We love GitHub Copilot code completion. It provides helpful suggestions as we type, without causing us to lose focus on our main task. This is great for writing new code but what about when we need to edit existing code? When we're editing code we need to make a set of changes, additions and deletions all over our program and we'd like to have ghost text suggestions for those too. We're calling our new feature Next Edit Suggestions, or NES for short. With NES you make a change and then Copilot predicts the changes that follow and presents them to you in sequence.
Here's another way to look at it. Currently, Copilot only refers to the current version of your code to suggest a completion, but to make a next edit suggestion Copilot looks at the history of edits you have made to your program and predicts the next one. NES is a harder task since we have to consider changes anywhere in the whole file but we also have more information since we're looking at a historical sequence of edits rather than just a single snapshot in time. Copilot already tries to understand the intent behind the keystrokes, and by looking at a history of edits we're expanding that understanding so Copilot can be even more magical.
This is a tradeoff between how in-flow the suggestions appear and the breadth of suggestions we can make.
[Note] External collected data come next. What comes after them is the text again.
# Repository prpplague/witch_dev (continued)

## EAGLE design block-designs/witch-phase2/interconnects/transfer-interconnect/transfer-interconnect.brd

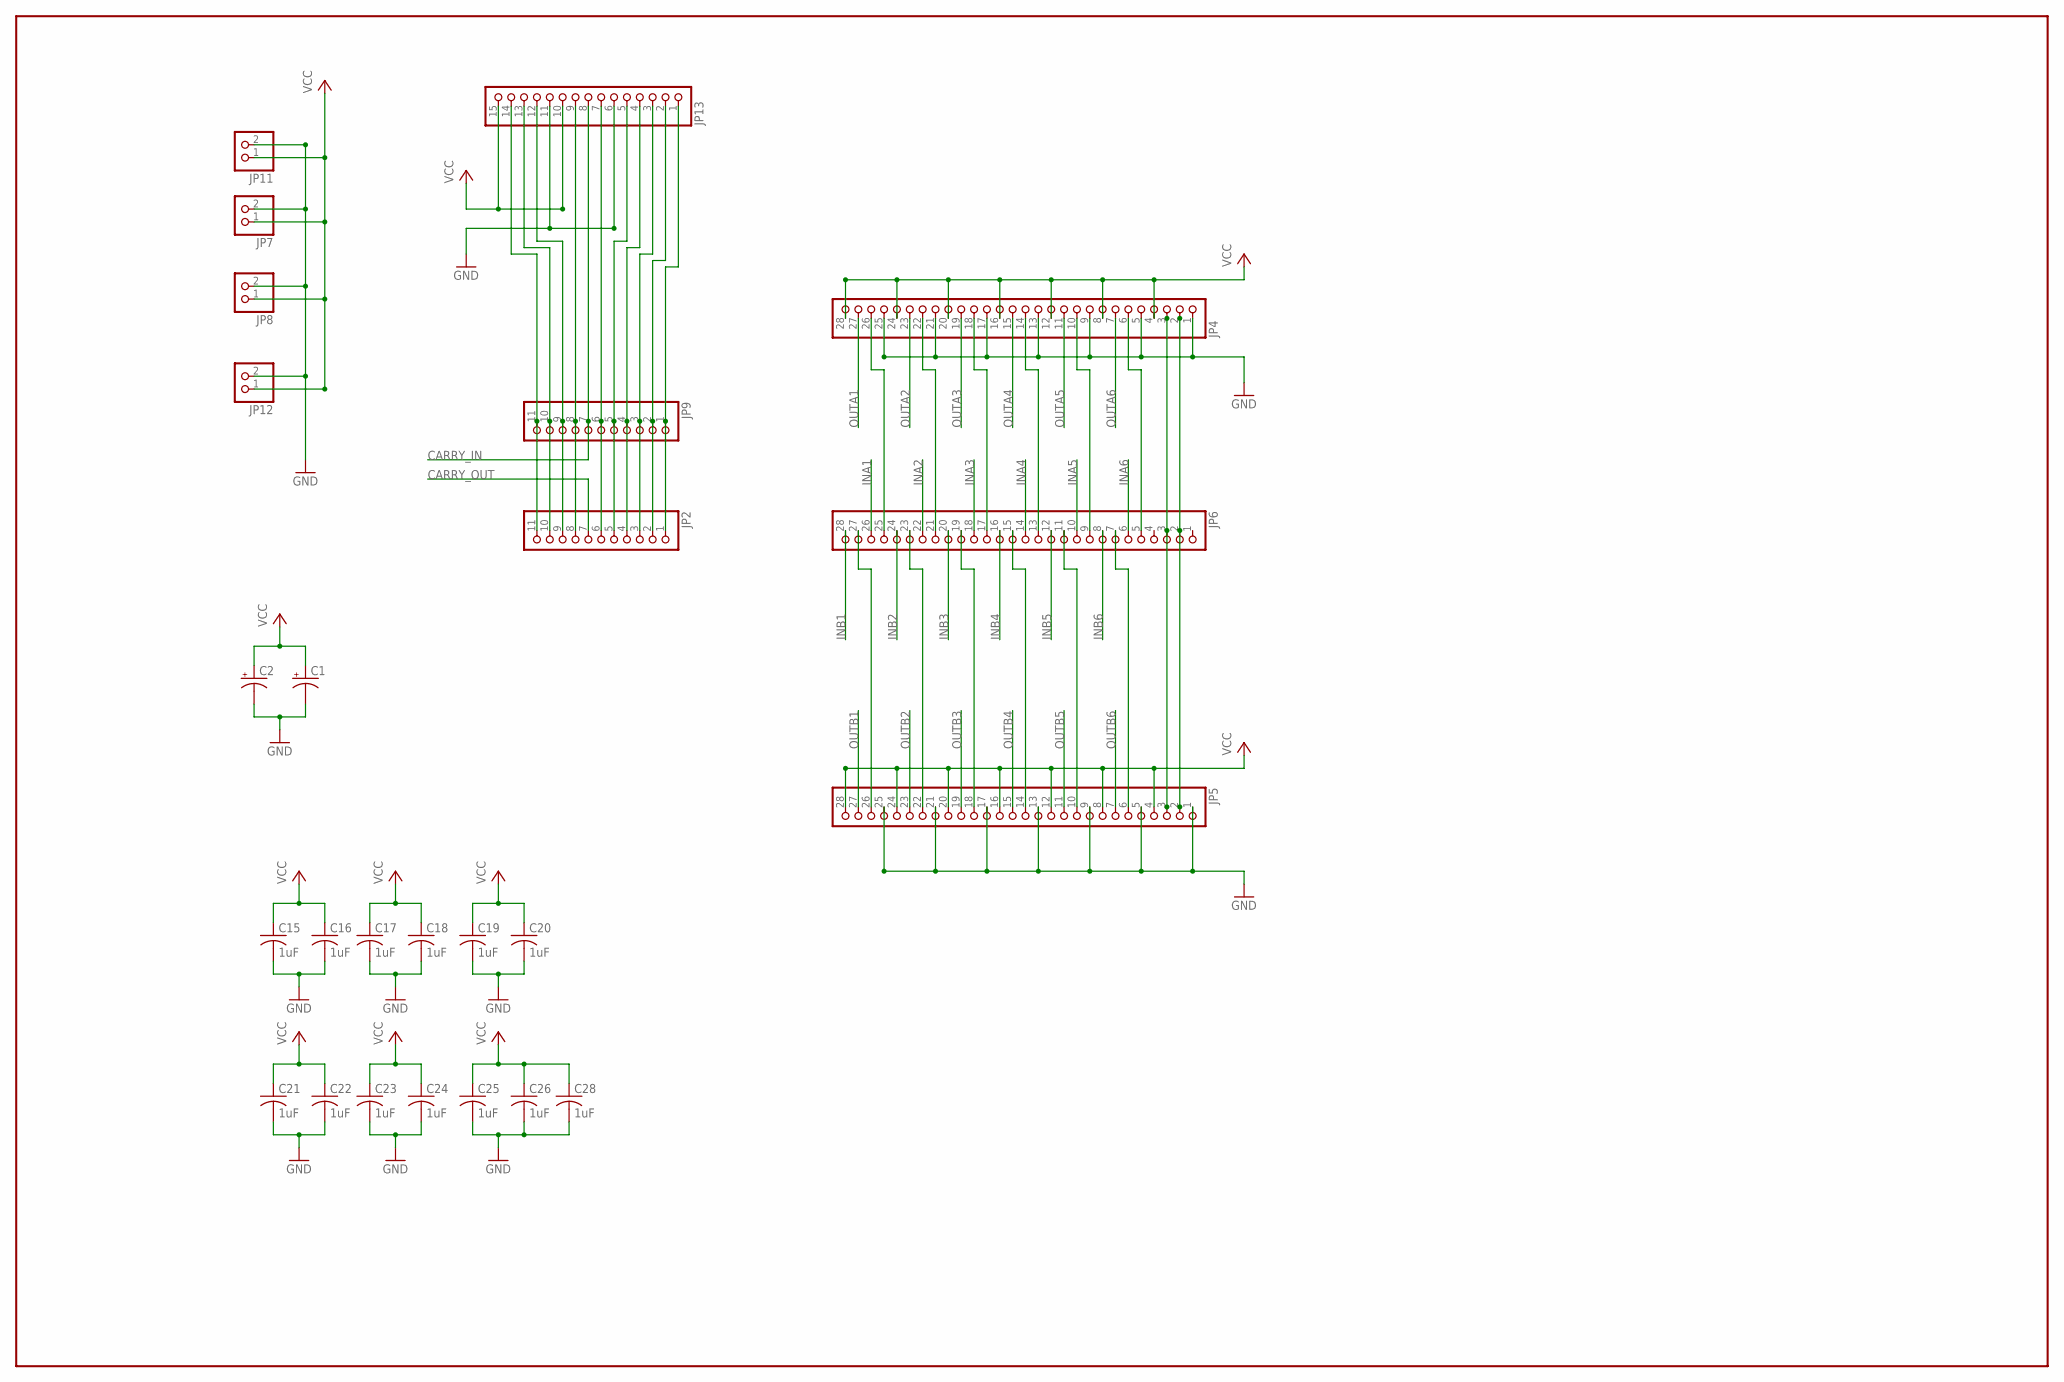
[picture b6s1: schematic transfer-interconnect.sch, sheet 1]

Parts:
C1, C2: CPOL-USE15-6AXIAL; E15-6
C15, C16, C17, C18, C19, C20, C21, C22, C23, C24, C25, C26, C28: 1uF; C0603K
JP2, JP9: PINHD-1X11; 1X11
JP4, JP5, JP6: PINHD-1X28; 1X28
JP7, JP8, JP11, JP12: PINHD-1X2; 1X02
JP13: PINHD-1X15; 1X15

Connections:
CARRY_IN: JP9.7, JP13.8; also elsewhere on the board
CARRY_OUT: JP2.7; also elsewhere on the board
GND: C1.-, C2.-, C15.2, C16.2, C17.2, C18.2, C19.2, C20.2, C21.2, C22.2, C23.2, C24.2, C25.2, C26.2, C28.2, JP4.1, JP4.5, JP4.9, JP4.13, JP4.17, JP4.21, JP4.25, JP5.1, JP5.5, JP5.9, JP5.13, JP5.17, JP5.21, JP5.25, JP7.2, JP8.2, JP11.2, JP12.2, JP13.6, JP13.11; also elsewhere on the board
INA1: JP6.26; also elsewhere on the board
INA2: JP6.22; also elsewhere on the board
INA3: JP6.18; also elsewhere on the board
INA4: JP6.14; also elsewhere on the board
INA5: JP6.10; also elsewhere on the board
INA6: JP6.6; also elsewhere on the board
INB1: JP6.28; also elsewhere on the board
INB2: JP6.24; also elsewhere on the board
INB3: JP6.20; also elsewhere on the board
INB4: JP6.16; also elsewhere on the board
INB5: JP6.12; also elsewhere on the board
INB6: JP6.8; also elsewhere on the board
unnamed: JP4.3, JP5.3, JP6.3
unnamed: JP4.2, JP5.2, JP6.2
unnamed: JP4.10, JP6.9
unnamed: JP2.8, JP9.8, JP13.9
unnamed: JP4.6, JP6.5
unnamed: JP4.14, JP6.13
unnamed: JP2.6, JP9.6, JP13.7
unnamed: JP4.18, JP6.17
unnamed: JP4.22, JP6.21
unnamed: JP4.26, JP6.25
unnamed: JP5.6, JP6.7
unnamed: JP5.10, JP6.11
unnamed: JP5.14, JP6.15
unnamed: JP5.18, JP6.19
unnamed: JP5.22, JP6.23
unnamed: JP5.26, JP6.27
unnamed: JP2.11, JP9.11, JP13.14
unnamed: JP2.10, JP9.10, JP13.13
unnamed: JP2.9, JP9.9, JP13.12
unnamed: JP2.5, JP9.5, JP13.5
unnamed: JP2.4, JP9.4, JP13.4
unnamed: JP2.3, JP9.3, JP13.3
unnamed: JP2.2, JP9.2, JP13.2
unnamed: JP2.1, JP9.1, JP13.1
OUTA1: JP4.27; also elsewhere on the board
OUTA2: JP4.23; also elsewhere on the board
OUTA3: JP4.19; also elsewhere on the board
OUTA4: JP4.15; also elsewhere on the board
OUTA5: JP4.11; also elsewhere on the board
OUTA6: JP4.7; also elsewhere on the board
OUTB1: JP5.27; also elsewhere on the board
OUTB2: JP5.23; also elsewhere on the board
OUTB3: JP5.19; also elsewhere on the board
OUTB4: JP5.15; also elsewhere on the board
OUTB5: JP5.11; also elsewhere on the board
OUTB6: JP5.7; also elsewhere on the board
VCC: C1.+, C2.+, C15.1, C16.1, C17.1, C18.1, C19.1, C20.1, C21.1, C22.1, C23.1, C24.1, C25.1, C26.1, C28.1, JP4.4, JP4.8, JP4.12, JP4.16, JP4.20, JP4.24, JP4.28, JP5.4, JP5.8, JP5.12, JP5.16, JP5.20, JP5.24, JP5.28, JP7.1, JP8.1, JP11.1, JP12.1, JP13.10, JP13.15; also elsewhere on the board

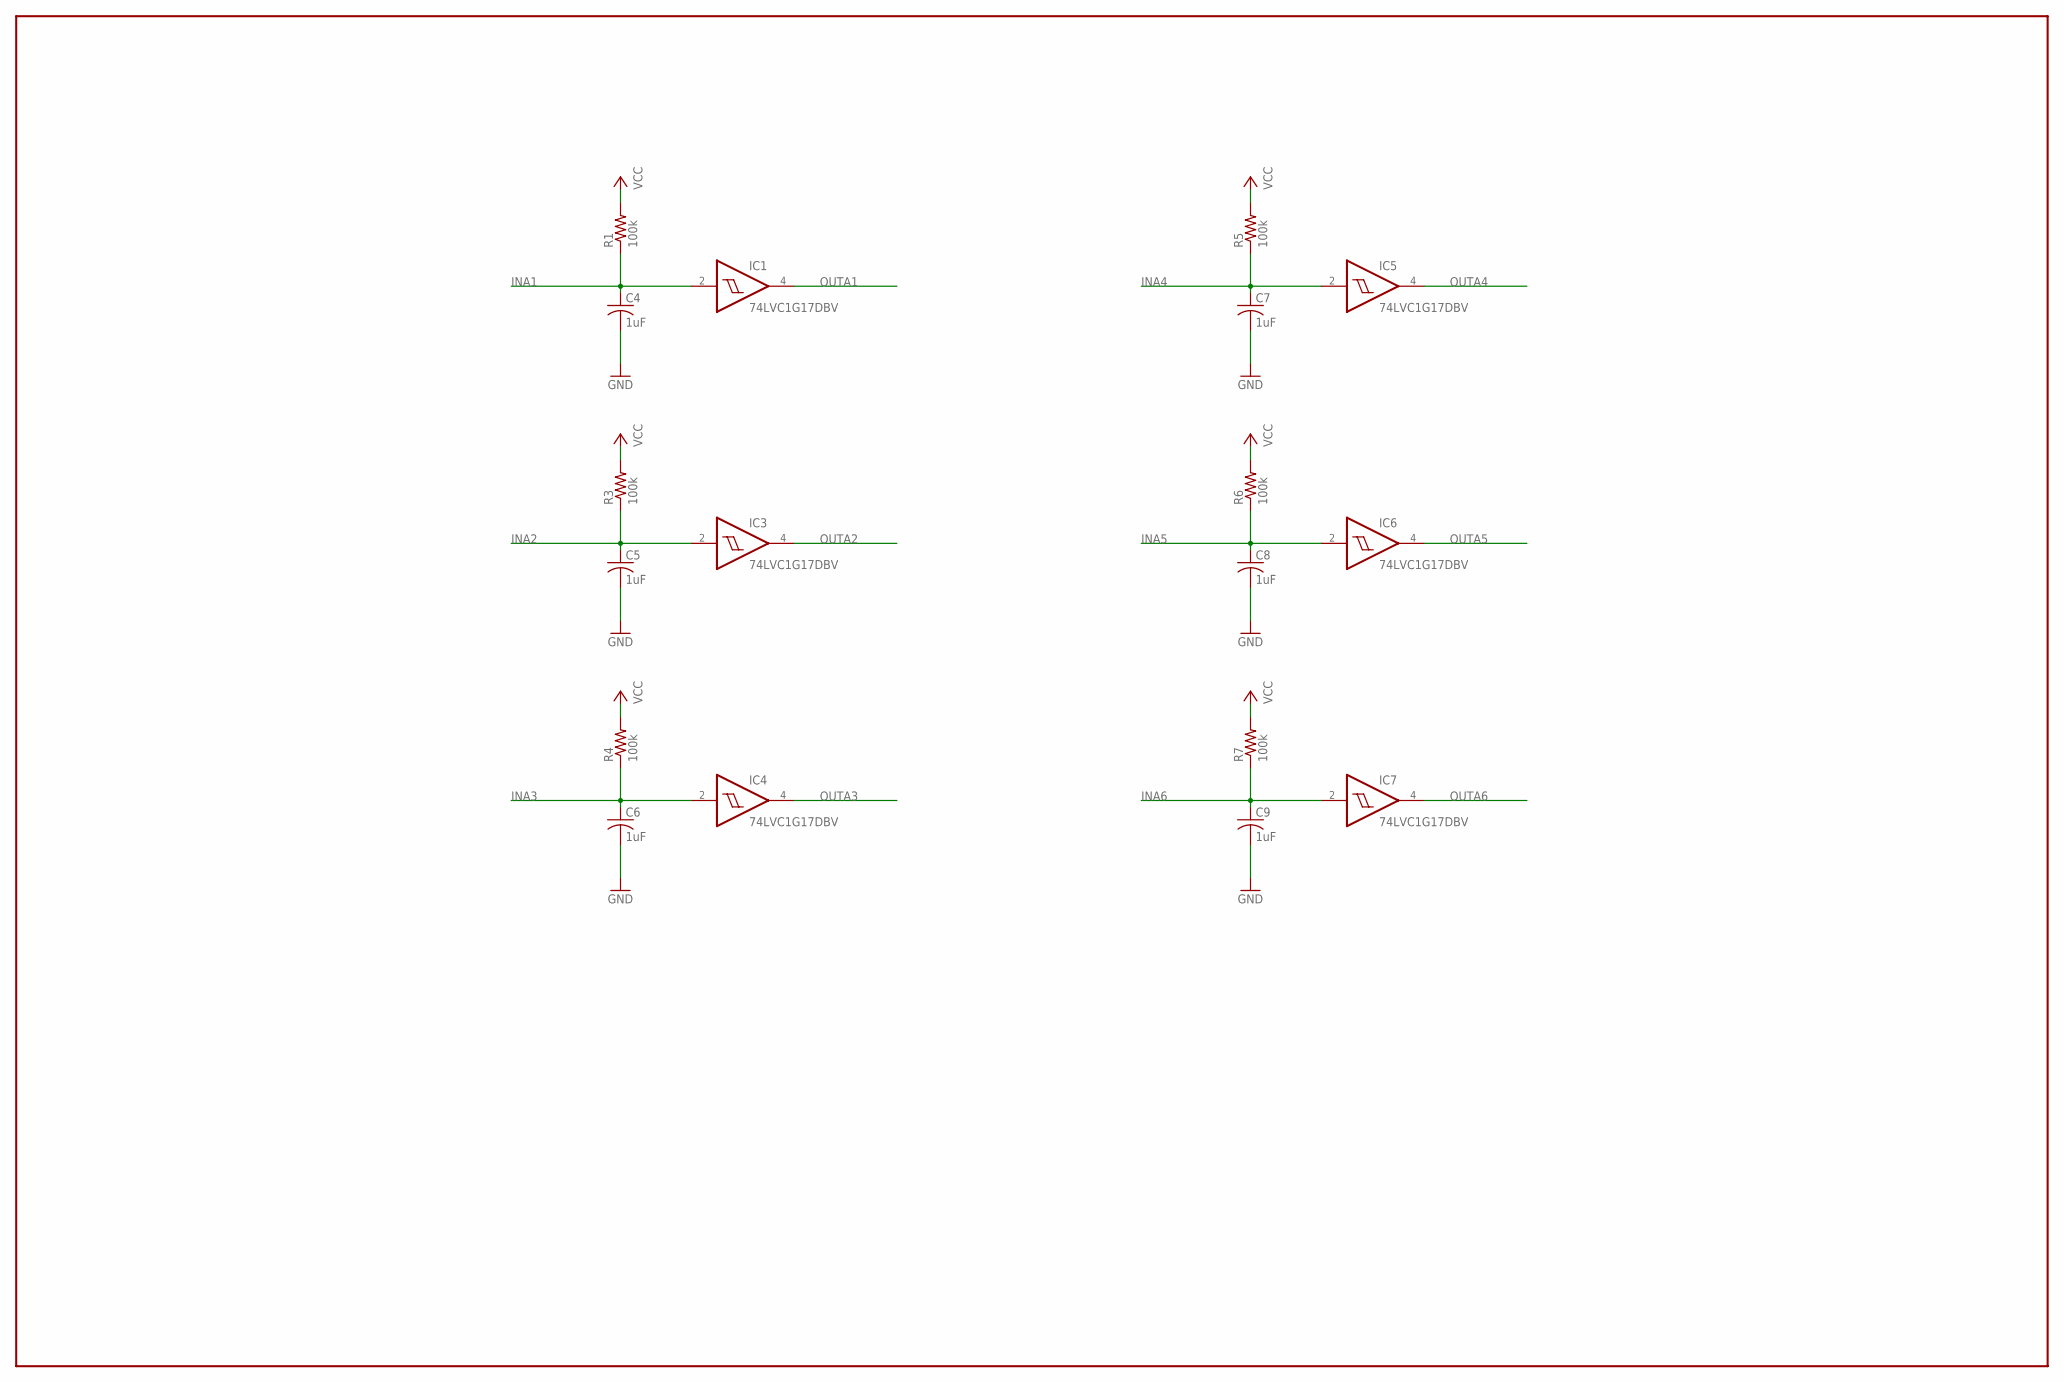
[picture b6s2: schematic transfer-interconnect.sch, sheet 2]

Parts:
C4, C5, C6, C7, C8, C9: 1uF; C0603K
IC1, IC3, IC4, IC5, IC6, IC7: 74LVC1G17DBV; SOT23-5
R1, R3, R4, R5, R6, R7: 100k; R0603

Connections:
GND: C4.2, C5.2, C6.2, C7.2, C8.2, C9.2, IC1.3 (GND), IC3.3 (GND), IC4.3 (GND), IC5.3 (GND), IC6.3 (GND), IC7.3 (GND); also elsewhere on the board
INA1: C4.1, IC1.2 (I), R1.1; also elsewhere on the board
INA2: C5.1, IC3.2 (I), R3.1; also elsewhere on the board
INA3: C6.1, IC4.2 (I), R4.1; also elsewhere on the board
INA4: C7.1, IC5.2 (I), R5.1; also elsewhere on the board
INA5: C8.1, IC6.2 (I), R6.1; also elsewhere on the board
INA6: C9.1, IC7.2 (I), R7.1; also elsewhere on the board
OUTA1: IC1.4 (O); also elsewhere on the board
OUTA2: IC3.4 (O); also elsewhere on the board
OUTA3: IC4.4 (O); also elsewhere on the board
OUTA4: IC5.4 (O); also elsewhere on the board
OUTA5: IC6.4 (O); also elsewhere on the board
OUTA6: IC7.4 (O); also elsewhere on the board
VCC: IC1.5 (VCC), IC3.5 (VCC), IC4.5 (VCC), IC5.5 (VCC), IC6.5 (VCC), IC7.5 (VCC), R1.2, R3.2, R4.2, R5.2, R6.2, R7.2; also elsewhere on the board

Completions are naturally in-flow by being under your cursor, but limited in breadth. NES has much more scope but we also have to work harder to make sure the suggestions remain unobtrusive. GitHub's research has shown how good completions are with 73% of developers reporting it helps them stay in the flow and 87% highlighting how it reduces mental effort during repetitive tasks but now that models have improved, and we've learned a lot from our users, we think it's now worth exploring the other side of the balance.
Here are some examples from our prototype implementation.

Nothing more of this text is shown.